+++ Data supplied
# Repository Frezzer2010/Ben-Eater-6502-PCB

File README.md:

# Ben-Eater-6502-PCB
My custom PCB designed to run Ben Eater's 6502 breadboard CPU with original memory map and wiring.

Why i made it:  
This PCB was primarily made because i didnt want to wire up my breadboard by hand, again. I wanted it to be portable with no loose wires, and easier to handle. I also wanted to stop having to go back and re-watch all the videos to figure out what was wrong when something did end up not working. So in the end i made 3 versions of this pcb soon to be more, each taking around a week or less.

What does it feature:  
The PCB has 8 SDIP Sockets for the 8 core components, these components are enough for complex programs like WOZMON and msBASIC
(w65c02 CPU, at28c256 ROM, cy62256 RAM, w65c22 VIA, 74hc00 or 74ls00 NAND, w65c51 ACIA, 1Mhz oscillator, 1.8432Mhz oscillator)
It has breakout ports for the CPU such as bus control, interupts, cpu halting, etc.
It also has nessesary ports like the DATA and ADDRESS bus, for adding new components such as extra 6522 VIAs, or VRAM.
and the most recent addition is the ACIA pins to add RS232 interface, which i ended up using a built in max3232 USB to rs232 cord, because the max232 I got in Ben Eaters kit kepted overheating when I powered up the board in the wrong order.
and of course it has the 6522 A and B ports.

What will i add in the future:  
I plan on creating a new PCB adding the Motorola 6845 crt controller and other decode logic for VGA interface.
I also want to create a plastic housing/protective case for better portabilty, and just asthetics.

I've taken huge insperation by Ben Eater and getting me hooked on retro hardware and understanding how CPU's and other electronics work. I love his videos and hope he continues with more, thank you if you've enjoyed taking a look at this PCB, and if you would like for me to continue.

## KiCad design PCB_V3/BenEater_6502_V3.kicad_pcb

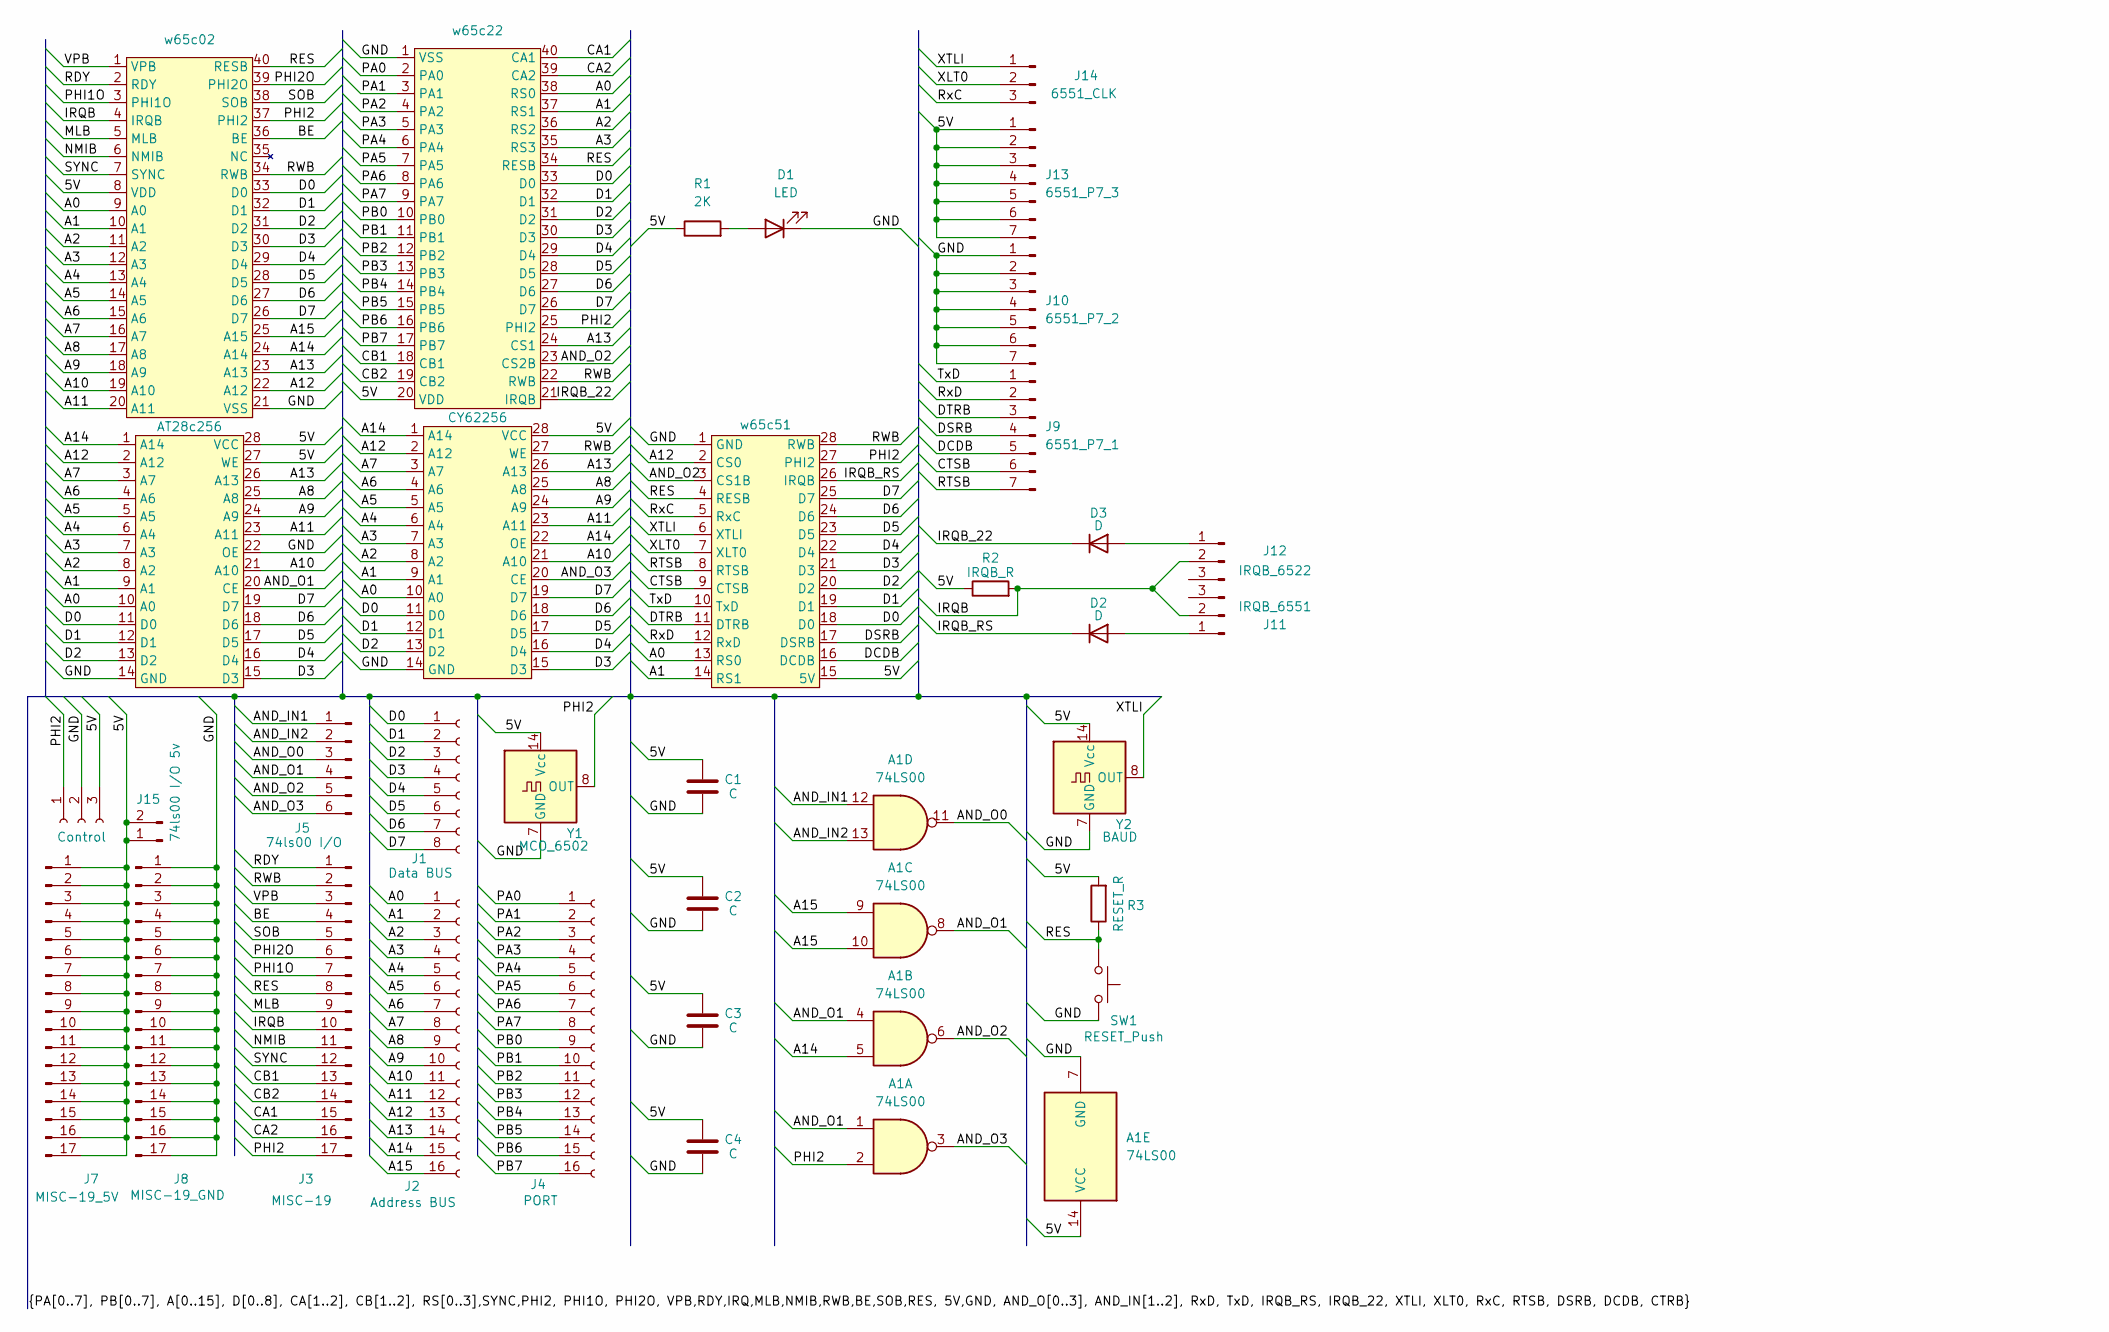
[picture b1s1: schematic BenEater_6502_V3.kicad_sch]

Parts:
A1: 74LS00; DIP-14_W7.62mm_Socket
C1, C2, C3, C4: C; C_Disc_D7.5mm_W2.5mm_P5.00mm
D1: LED; LED_D5.0mm
D2, D3: D; D_T-1_P5.08mm_Horizontal
J1: Data BUS; PinSocket_1x08_P2.54mm_Vertical
J2: Address BUS; PinSocket_1x16_P2.54mm_Vertical
J3: MISC-19; PinHeader_1x17_P2.54mm_Vertical
J4: PORT; PinSocket_1x16_P2.54mm_Vertical
J5: 74ls00 I/O; PinHeader_1x06_P2.54mm_Vertical
J6: Control; PinSocket_1x03_P2.54mm_Vertical
J7: MISC-19_5V; PinHeader_1x17_P2.54mm_Vertical
J8: MISC-19_GND; PinHeader_1x17_P2.54mm_Vertical
J9: 6551_P7_1; PinHeader_1x07_P2.54mm_Vertical
J10: 6551_P7_2; PinHeader_1x07_P2.54mm_Vertical
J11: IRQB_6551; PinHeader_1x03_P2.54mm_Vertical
++++++
**Task**
Transcribe all of the data above exactly; no picture belongs in the copy.

**Written reply**
# Repository Frezzer2010/Ben-Eater-6502-PCB

File README.md:

# Ben-Eater-6502-PCB
My custom PCB designed to run Ben Eater's 6502 breadboard CPU with original memory map and wiring.

Why i made it:  
This PCB was primarily made because i didnt want to wire up my breadboard by hand, again. I wanted it to be portable with no loose wires, and easier to handle. I also wanted to stop having to go back and re-watch all the videos to figure out what was wrong when something did end up not working. So in the end i made 3 versions of this pcb soon to be more, each taking around a week or less.

What does it feature:  
The PCB has 8 SDIP Sockets for the 8 core components, these components are enough for complex programs like WOZMON and msBASIC
(w65c02 CPU, at28c256 ROM, cy62256 RAM, w65c22 VIA, 74hc00 or 74ls00 NAND, w65c51 ACIA, 1Mhz oscillator, 1.8432Mhz oscillator)
It has breakout ports for the CPU such as bus control, interupts, cpu halting, etc.
It also has nessesary ports like the DATA and ADDRESS bus, for adding new components such as extra 6522 VIAs, or VRAM.
and the most recent addition is the ACIA pins to add RS232 interface, which i ended up using a built in max3232 USB to rs232 cord, because the max232 I got in Ben Eaters kit kepted overheating when I powered up the board in the wrong order.
and of course it has the 6522 A and B ports.

What will i add in the future:  
I plan on creating a new PCB adding the Motorola 6845 crt controller and other decode logic for VGA interface.
I also want to create a plastic housing/protective case for better portabilty, and just asthetics.

I've taken huge insperation by Ben Eater and getting me hooked on retro hardware and understanding how CPU's and other electronics work. I love his videos and hope he continues with more, thank you if you've enjoyed taking a look at this PCB, and if you would like for me to continue.

## KiCad design PCB_V3/BenEater_6502_V3.kicad_pcb

[picture b1s1: schematic BenEater_6502_V3.kicad_sch]

Parts:
A1: 74LS00; DIP-14_W7.62mm_Socket
C1, C2, C3, C4: C; C_Disc_D7.5mm_W2.5mm_P5.00mm
D1: LED; LED_D5.0mm
D2, D3: D; D_T-1_P5.08mm_Horizontal
J1: Data BUS; PinSocket_1x08_P2.54mm_Vertical
J2: Address BUS; PinSocket_1x16_P2.54mm_Vertical
J3: MISC-19; PinHeader_1x17_P2.54mm_Vertical
J4: PORT; PinSocket_1x16_P2.54mm_Vertical
J5: 74ls00 I/O; PinHeader_1x06_P2.54mm_Vertical
J6: Control; PinSocket_1x03_P2.54mm_Vertical
J7: MISC-19_5V; PinHeader_1x17_P2.54mm_Vertical
J8: MISC-19_GND; PinHeader_1x17_P2.54mm_Vertical
J9: 6551_P7_1; PinHeader_1x07_P2.54mm_Vertical
J10: 6551_P7_2; PinHeader_1x07_P2.54mm_Vertical
J11: IRQB_6551; PinHeader_1x03_P2.54mm_Vertical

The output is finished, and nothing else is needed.